Exercise directions. Return every line of the data below that includes the string "name".
======== Material for the task
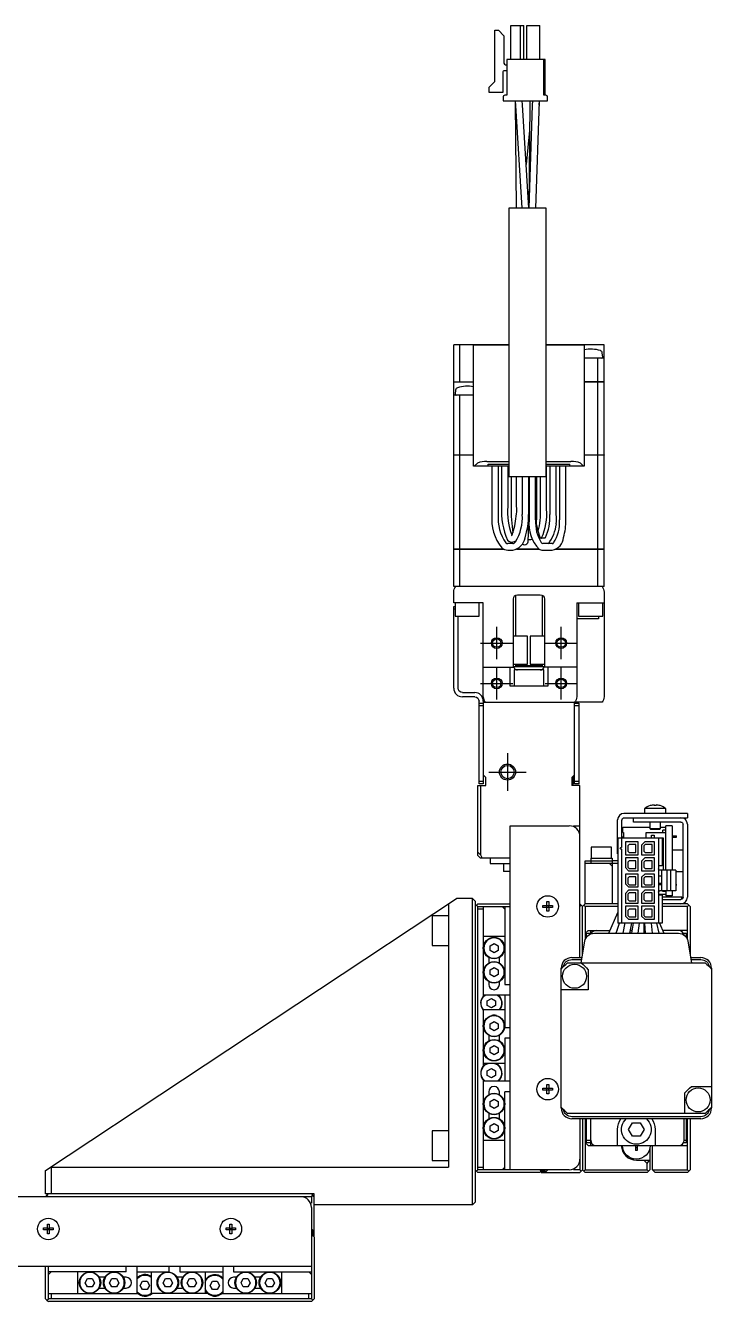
# Model space of a CAD drawing. Extents: x 0 to 1130, y -8 to 906.
# Drawn here: x 743.1 to 870.8, y 334.9 to 572.3 of the extents above; entities that cross this region are included whole.
import ezdxf

# ---------------------------------------------------------------- set-up
doc = ezdxf.new("R2010")
doc.units = 0
doc.header["$LTSCALE"] = 0.5
doc.linetypes.add('CENTER', pattern=[50.8, 31.75, -6.35, 6.35, -6.35])
for name, color, linetype in [('MSM_CENTER', 1, 'CENTER'), ('MSM_CONTINUOUS', 7, 'CONTINUOUS'), ('MSM_NARROW', 5, 'CONTINUOUS')]:
    doc.layers.add(name, color=color, linetype=linetype)

msp = doc.modelspace()

# ---------------------------------------------------------------- linework, layer by layer
at = {"layer": 'MSM_CENTER'}
for p, q in [((830.85, 454.43), (830.85, 460.43)), ((842.85, 454.43), (842.85, 460.43)), ((827.85, 457.43), (833.85, 457.43)), ((839.85, 457.43), (845.85, 457.43)), ((830.85, 446.93), (830.85, 452.93)), ((842.85, 446.93), (842.85, 452.93)), ((827.85, 449.93), (833.85, 449.93)), ((839.85, 449.93), (845.85, 449.93)), ((832.85, 436.93), (832.85, 429.93)), ((829.35, 433.43), (836.35, 433.43))]:
    msp.add_line(p, q, dxfattribs=at)
at = {"layer": 'MSM_CONTINUOUS'}
for p, q in [((833.48, 565.98), (833.48, 572.33)), ((833.48, 572.33), (835.88, 572.33)), ((835.28, 565.98), (835.28, 572.33)), ((835.88, 565.98), (835.88, 572.33)), ((836.48, 572.33), (838.88, 572.33)), ((836.48, 565.98), (836.48, 572.33)), ((838.88, 565.98), (838.88, 572.33)), ((830.49, 561.9), (830.49, 571.44)), ((830.49, 571.44), (831.19, 571.44)), ((831.19, 571.44), (832.19, 570.44)), ((832.19, 570.44), (832.19, 565.31)), ((832.47, 565.03), (832.75, 565.03)), ((832.75, 565.98), (832.75, 559.35)), ((839.86, 565.98), (832.75, 565.98)), ((839.61, 559.35), (839.61, 565.98)), ((839.86, 559.35), (839.86, 565.98)), ((832, 563.73), (832, 559.88)), ((832.75, 563.88), (832.15, 563.88)), ((829.47, 560.88), (830.49, 561.9)), ((829.47, 559.88), (829.47, 560.88)), ((832, 559.88), (829.47, 559.88)), ((832.04, 559.05), (832.04, 558.33)), ((832.04, 558.33), (840.32, 558.33)), ((832.75, 559.35), (832.34, 559.35)), ((834.3, 558.33), (834.3, 557.72)), ((834.3, 558.33), (834.3, 558)), ((834.3, 558), (834.45, 538.33)), ((834.31, 558.33), (834.35, 557.47)), ((835.65, 557.55), (835.61, 558.33)), ((836.99, 558.33), (836.99, 557.66)), ((837.49, 558.33), (837.47, 557.54)), ((838.15, 538.33), (838.79, 558.21)), ((838.77, 557.49), (838.79, 558.33)), ((838.79, 558.21), (838.79, 558.33)), ((840.02, 559.35), (839.61, 559.35)), ((840.32, 558.33), (840.32, 559.05)), ((834.35, 557.47), (835.55, 538.33)), ((836.85, 538.35), (835.65, 557.55)), ((836.99, 557.66), (836.85, 538.35)), ((837.47, 557.54), (836.85, 538.33)), ((836.95, 552.81), (836.34, 546.48)), ((840.08, 538.33), (833.08, 538.33)), ((833.08, 538.33), (833.08, 488.33)), ((840.08, 488.33), (840.08, 538.33)), ((822.85, 506.04), (822.85, 512.93)), ((833.08, 512.93), (822.85, 512.93)), ((824, 506.04), (824, 512.93)), ((826.55, 490.33), (826.55, 512.83)), ((833.08, 512.83), (826.55, 512.83)), ((850.85, 512.93), (840.08, 512.93)), ((847.15, 512.83), (840.08, 512.83)), ((847.1, 512.83), (847.1, 512.93)), ((847.15, 512.83), (847.15, 490.33)), ((850.85, 506.04), (850.85, 512.93)), ((850.85, 510.43), (847.15, 510.43)), ((849.69, 506.04), (849.69, 510.43)), ((850.58, 510.64), (850.51, 511.41)), ((822.85, 506.04), (826.55, 506.04)), ((822.85, 492.43), (822.85, 506.03)), ((822.85, 506.03), (826.55, 506.03)), ((822.86, 506.03), (822.86, 506.04)), ((824, 506.03), (824, 506.04)), ((847.15, 506.04), (850.85, 506.04)), ((850.85, 506.03), (847.15, 506.03)), ((849.69, 506.03), (849.69, 506.04)), ((849.69, 492.43), (849.69, 506.03)), ((850.84, 506.03), (850.84, 506.04)), ((850.85, 492.43), (850.85, 506.03)), ((826.55, 503.53), (822.85, 503.53)), ((823.18, 504.52), (823.12, 503.75)), ((824, 492.43), (824, 503.53)), ((822.85, 492.43), (826.55, 492.43)), ((826.55, 492.42), (822.85, 492.42)), ((822.85, 474.93), (822.85, 492.42)), ((822.86, 492.43), (822.86, 492.42)), ((824, 492.43), (824, 492.42)), ((824, 474.93), (824, 492.42)), ((847.15, 492.43), (850.85, 492.43)), ((850.85, 492.42), (847.15, 492.42)), ((849.69, 492.43), (849.69, 492.42)), ((849.69, 474.93), (849.69, 492.42)), ((850.84, 492.43), (850.84, 492.42)), ((850.85, 474.93), (850.85, 492.42)), ((833.08, 490.33), (826.55, 490.33)), ((826.65, 490.33), (827.25, 490.93)), ((826.65, 490.33), (827.25, 490.93)), ((829.03, 491.19), (833.08, 491.19)), ((829.25, 490.33), (829.25, 490.72)), ((829.25, 490.72), (833.08, 490.72)), ((829.95, 490.33), (829.95, 481.33)), ((831.15, 481.33), (831.15, 490.33)), ((831.75, 490.33), (831.75, 482.81)), ((832.95, 482.81), (832.95, 490.33)), ((840.08, 491.19), (844.67, 491.19)), ((840.08, 490.72), (844.45, 490.72)), ((847.15, 490.33), (840.08, 490.33)), ((840.15, 482.33), (840.15, 490.33)), ((840.75, 490.33), (840.75, 481.33)), ((841.95, 481.33), (841.95, 490.33)), ((842.55, 490.33), (842.55, 480.33)), ((843.75, 480.33), (843.75, 490.33)), ((844.45, 490.33), (844.45, 490.72)), ((846.44, 490.93), (847.04, 490.33)), ((846.44, 490.93), (847.04, 490.33)), ((840.08, 488.33), (833.08, 488.33)), ((833.55, 488.33), (833.55, 482.79)), ((834.5, 488.33), (834.5, 482.88)), ((835.6, 488.33), (835.6, 481.33)), ((836.8, 481.33), (836.8, 488.33)), ((836.9, 488.33), (836.9, 480.33)), ((838.1, 480.33), (838.1, 488.33)), ((838.35, 481.33), (838.35, 488.33)), ((838.95, 488.33), (838.95, 482.33)), ((834.5, 482.91), (834.5, 482.87)), ((838.27, 479.27), (838.35, 481.33)), ((833.68, 477.45), (833.52, 477.39)), ((822.85, 474.93), (832.12, 474.93)), ((822.85, 467.93), (822.85, 474.92)), ((832.14, 474.92), (822.85, 474.92)), ((822.86, 474.93), (822.86, 474.92)), ((824, 474.93), (824, 474.92)), ((824, 467.93), (824, 474.92)), ((833.87, 475.93), (832.89, 475.93)), ((833.88, 476.25), (833.93, 476.27)), ((833.93, 476.27), (834.13, 476.34)), ((838.74, 474.92), (834.5, 474.92)), ((834.52, 474.93), (838.73, 474.93)), ((835.68, 475.89), (835.86, 475.77)), ((835.86, 475.77), (836.05, 475.73)), ((836.71, 476.73), (836.77, 476.73)), ((836.77, 476.73), (837.17, 476.73)), ((837.17, 476.73), (837.21, 476.73)), ((837.21, 476.73), (837.43, 476.78)), ((839.79, 476.93), (839.05, 476.93)), ((841.19, 475.93), (839.45, 475.93)), ((850.85, 474.92), (841.79, 474.92)), ((841.82, 474.93), (850.85, 474.93)), ((849.69, 474.93), (849.69, 474.92)), ((849.69, 467.93), (849.69, 474.92)), ((850.84, 474.93), (850.84, 474.92)), ((850.85, 467.93), (850.85, 474.92)), ((832.89, 474.73), (833.85, 474.73)), ((839.45, 474.73), (841.19, 474.73)), ((850.85, 467.93), (822.85, 467.93)), ((822.85, 464.93), (822.85, 466.93)), ((833.95, 453.23), (833.95, 465.63)), ((834.35, 466.32), (834.35, 458.73)), ((834.75, 466.43), (838.95, 466.43)), ((839.35, 458.73), (839.35, 466.32)), ((839.75, 465.63), (839.75, 453.23)), ((850.85, 466.93), (850.85, 447.43)), ((828.35, 464.93), (822.85, 464.93)), ((822.85, 449.03), (822.85, 464.23)), ((822.85, 464.23), (823.1, 464.23)), ((823.1, 463.73), (822.85, 463.73)), ((823.1, 464.93), (823.1, 462.43)), ((827.6, 462.43), (827.6, 464.93)), ((828.35, 447.43), (828.35, 464.93)), ((845.75, 464.93), (845.75, 447.43)), ((845.75, 464.93), (850.85, 464.93)), ((846.1, 464.93), (846.1, 462.43)), ((850.6, 462.43), (850.6, 464.93)), ((823.1, 462.43), (827.6, 462.43)), ((823.65, 449.03), (823.65, 462.43)), ((849.79, 461.93), (845.75, 461.93)), ((846.1, 462.43), (850.6, 462.43)), ((849.79, 462.43), (849.79, 461.93)), ((836.6, 458.73), (833.95, 458.73)), ((836.6, 453.53), (836.6, 458.73)), ((837.1, 458.73), (837.1, 453.53)), ((839.75, 458.73), (837.1, 458.73)), ((833.95, 453.53), (836.6, 453.53)), ((834.35, 453.53), (834.35, 453.23)), ((837.1, 453.53), (839.75, 453.53)), ((839.35, 453.23), (839.35, 453.53)), ((828.35, 452.93), (833.97, 452.93)), ((833.35, 449.43), (833.35, 452.93)), ((839.72, 453.03), (833.97, 453.03)), ((833.97, 452.93), (833.97, 453.02)), ((834.01, 452.93), (833.97, 453.02)), ((839.6, 452.43), (834.1, 452.43)), ((834.1, 452.43), (834.1, 449.43)), ((834.35, 453.23), (839.35, 453.23)), ((834.35, 453.23), (834.55, 453.03)), ((839.15, 453.03), (839.35, 453.23)), ((839.6, 449.43), (839.6, 452.43)), ((839.72, 453.02), (839.7, 452.95)), ((839.72, 452.93), (839.72, 453.02)), ((845.75, 452.93), (839.72, 452.93)), ((840.35, 452.93), (840.35, 449.43)), ((840.35, 449.43), (833.35, 449.43)), ((824.45, 448.23), (826.75, 448.23)), ((826.75, 447.43), (824.45, 447.43)), ((827.55, 431.23), (827.55, 446.63)), ((828.35, 446.63), (828.35, 431.23)), ((828.35, 446.43), (845.35, 446.43)), ((845.35, 431.23), (845.35, 446.43)), ((850.46, 446.43), (845.36, 446.43)), ((827.55, 446.23), (828.35, 446.23)), ((828.35, 445.73), (827.55, 445.73)), ((845.35, 446.23), (846.15, 446.23)), ((846.15, 445.73), (845.35, 445.73)), ((846.15, 446.23), (846.15, 431.23)), ((828.35, 432.93), (828.85, 432.43)), ((828.85, 430.93), (828.85, 432.43)), ((844.85, 432.43), (845.35, 432.93)), ((844.85, 432.43), (844.85, 430.93)), ((845.1, 430.93), (845.1, 432.68)), ((827.35, 417.93), (827.35, 430.93)), ((827.35, 430.93), (828.85, 430.93)), ((827.55, 431.73), (828.35, 431.73)), ((828.35, 431.23), (827.55, 431.23)), ((827.85, 430.93), (827.85, 418.04)), ((846.35, 430.93), (844.85, 430.93)), ((845.35, 431.73), (846.15, 431.73)), ((846.15, 431.23), (845.35, 431.23)), ((846.35, 398.93), (846.35, 430.93)), ((866.35, 425.73), (854.55, 425.73)), ((862.35, 426.63), (858.35, 426.63)), ((858.35, 426.63), (858.35, 425.73)), ((859.42, 427.19), (859.4, 427.19)), ((860.15, 427.19), (860.15, 427.32)), ((860.55, 427.19), (860.15, 427.19)), ((860.55, 427.32), (860.55, 427.19)), ((861.3, 427.19), (861.28, 427.19)), ((862.35, 425.73), (862.35, 426.63)), ((866.35, 425.73), (866.35, 424.93)), ((833.35, 359.43), (833.35, 423.43)), ((833.35, 423.43), (844.35, 423.43)), ((845.15, 423.43), (846.35, 423.43)), ((853.35, 418.23), (853.35, 424.53)), ((854.15, 421.18), (854.15, 424.43)), ((854.35, 423.18), (859.35, 423.18)), ((854.35, 422.18), (854.35, 423.18)), ((854.65, 424.93), (866.35, 424.93)), ((856.35, 424.13), (856.35, 424.93)), ((865.15, 424.13), (856.35, 424.13)), ((859.35, 424.13), (859.35, 422.93)), ((859.35, 422.93), (861.35, 422.93)), ((859.35, 422.93), (859.55, 422.73)), ((861.15, 422.73), (859.55, 422.73)), ((861.15, 422.73), (861.35, 422.93)), ((861.35, 422.93), (861.35, 424.13)), ((861.35, 423.18), (862.35, 423.18)), ((861.8, 422.18), (861.8, 422.64)), ((862.35, 422.64), (861.8, 422.64)), ((862.35, 415.18), (862.35, 423.43)), ((863.55, 423.43), (862.35, 423.43)), ((863.55, 423.43), (863.55, 415.18)), ((865.55, 410.13), (865.55, 423.73)), ((866.35, 423.73), (866.35, 410.13)), ((853.38, 421.18), (853.38, 405.33)), ((853.38, 421.18), (861.85, 421.18)), ((854.09, 421.18), (854.09, 419.4)), ((854.35, 422.18), (854.45, 422.18)), ((854.45, 421.38), (854.35, 421.38)), ((854.35, 421.38), (854.35, 421.18)), ((854.45, 422.18), (854.45, 421.18)), ((857.22, 420.45), (854.82, 420.45)), ((854.82, 420.45), (854.82, 418.05)), ((857.22, 418.05), (857.22, 420.45)), ((858.42, 420.45), (857.82, 419.85)), ((860.22, 420.45), (858.42, 420.45)), ((858.65, 421.18), (858.65, 422.18)), ((858.65, 422.18), (862.35, 422.18)), ((859.7, 421.18), (859.7, 421.68)), ((859.7, 421.68), (860.2, 421.68)), ((860.2, 421.68), (860.2, 421.18)), ((860.22, 418.05), (860.22, 420.45)), ((860.95, 421.18), (860.95, 405.33)), ((861.66, 421.18), (861.66, 415.98)), ((861.85, 421.18), (861.85, 415.18)), ((863.55, 421.56), (864.35, 421.56)), ((863.55, 421.31), (864.35, 421.31)), ((864.35, 421.31), (864.35, 421.56)), ((827.35, 418.54), (827.85, 418.04)), ((827.85, 417.43), (827.35, 417.93)), ((827.85, 418.04), (828.15, 417.43)), ((852.25, 419.43), (848.45, 419.43)), ((848.45, 419.43), (848.45, 417.43)), ((852.25, 417.43), (852.25, 419.43)), ((853.38, 418.23), (853.35, 418.23)), ((853.99, 419.4), (854.09, 419.4)), ((854.09, 419.1), (853.99, 419.1)), ((854.09, 419.1), (854.09, 405.33)), ((854.82, 418.05), (857.22, 418.05)), ((855.52, 419.94), (855.27, 419.69)), ((855.27, 419.69), (855.27, 418.72)), ((855.27, 418.72), (855.52, 418.47)), ((856.77, 419.94), (855.52, 419.94)), ((855.52, 418.47), (856.77, 418.47)), ((856.77, 418.47), (856.77, 419.94)), ((857.82, 419.85), (857.82, 418.05)), ((857.82, 418.05), (860.22, 418.05)), ((858.52, 419.94), (858.27, 419.69)), ((858.27, 419.69), (858.27, 418.72)), ((858.27, 418.72), (858.52, 418.47)), ((859.77, 419.94), (858.52, 419.94)), ((858.52, 418.47), (859.77, 418.47)), ((859.77, 418.47), (859.77, 419.94)), ((865.55, 418.93), (863.55, 418.93)), ((833.35, 417.43), (827.85, 417.43)), ((829.6, 417.43), (829.6, 416.43)), ((829.6, 416.43), (833.35, 416.43)), ((832.1, 416.43), (832.1, 414.93)), ((847.35, 408.93), (847.35, 416.93)), ((847.35, 416.93), (848.35, 416.93)), ((853.38, 416.43), (847.35, 416.43)), ((848.35, 417.43), (848.35, 416.43)), ((848.35, 417.43), (852.35, 417.43)), ((848.35, 416.93), (852.35, 416.93)), ((851.85, 416.43), (852.35, 415.93)), ((852.35, 417.43), (852.35, 408.93)), ((853.38, 416.93), (852.35, 416.93)), ((854.82, 417.45), (854.82, 415.65)), ((857.22, 417.45), (854.82, 417.45)), ((854.82, 415.65), (855.42, 415.05)), ((855.52, 416.94), (855.27, 416.69)), ((855.27, 416.69), (855.27, 415.72)), ((855.27, 415.72), (855.52, 415.47)), ((856.77, 416.94), (855.52, 416.94)), ((855.52, 415.47), (856.77, 415.47)), ((856.77, 415.47), (856.77, 416.94)), ((857.22, 415.05), (857.22, 417.45)), ((858.42, 417.45), (857.82, 416.85)), ((857.82, 416.85), (857.82, 415.05)), ((858.52, 416.94), (858.27, 416.69)), ((858.27, 416.69), (858.27, 415.72)), ((858.27, 415.72), (858.52, 415.47)), ((860.22, 417.45), (858.42, 417.45)), ((859.77, 416.94), (858.52, 416.94)), ((858.52, 415.47), (859.77, 415.47)), ((859.77, 415.47), (859.77, 416.94)), ((860.22, 415.05), (860.22, 417.45)), ((861.66, 415.98), (860.95, 415.98)), ((833.35, 414.93), (832.1, 414.93)), ((854.82, 414.45), (854.82, 412.65)), ((857.22, 414.45), (854.82, 414.45)), ((855.52, 413.94), (855.27, 413.69)), ((855.27, 413.69), (855.27, 412.72)), ((855.42, 415.05), (857.22, 415.05)), ((856.77, 413.94), (855.52, 413.94)), ((856.77, 412.47), (856.77, 413.94)), ((857.22, 412.05), (857.22, 414.45)), ((857.82, 415.05), (860.22, 415.05)), ((858.42, 414.45), (857.82, 413.85)), ((857.82, 413.85), (857.82, 412.05)), ((858.52, 413.94), (858.27, 413.69)), ((858.27, 413.69), (858.27, 412.72)), ((860.22, 414.45), (858.42, 414.45)), ((859.77, 413.94), (858.52, 413.94)), ((859.77, 412.47), (859.77, 413.94)), ((860.22, 412.05), (860.22, 414.45)), ((861.51, 414.08), (860.95, 414.08)), ((864.23, 415.18), (861.2, 415.18)), ((861.51, 415.18), (861.51, 411.32)), ((862.51, 415.18), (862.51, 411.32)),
================
Answer for this exercise.
for name, color, linetype in [('MSM_CENTER', 1, 'CENTER'), ('MSM_CONTINUOUS', 7, 'CONTINUOUS'), ('MSM_NARROW', 5, 'CONTINUOUS')]:
    doc.layers.add(name, color=color, linetype=linetype)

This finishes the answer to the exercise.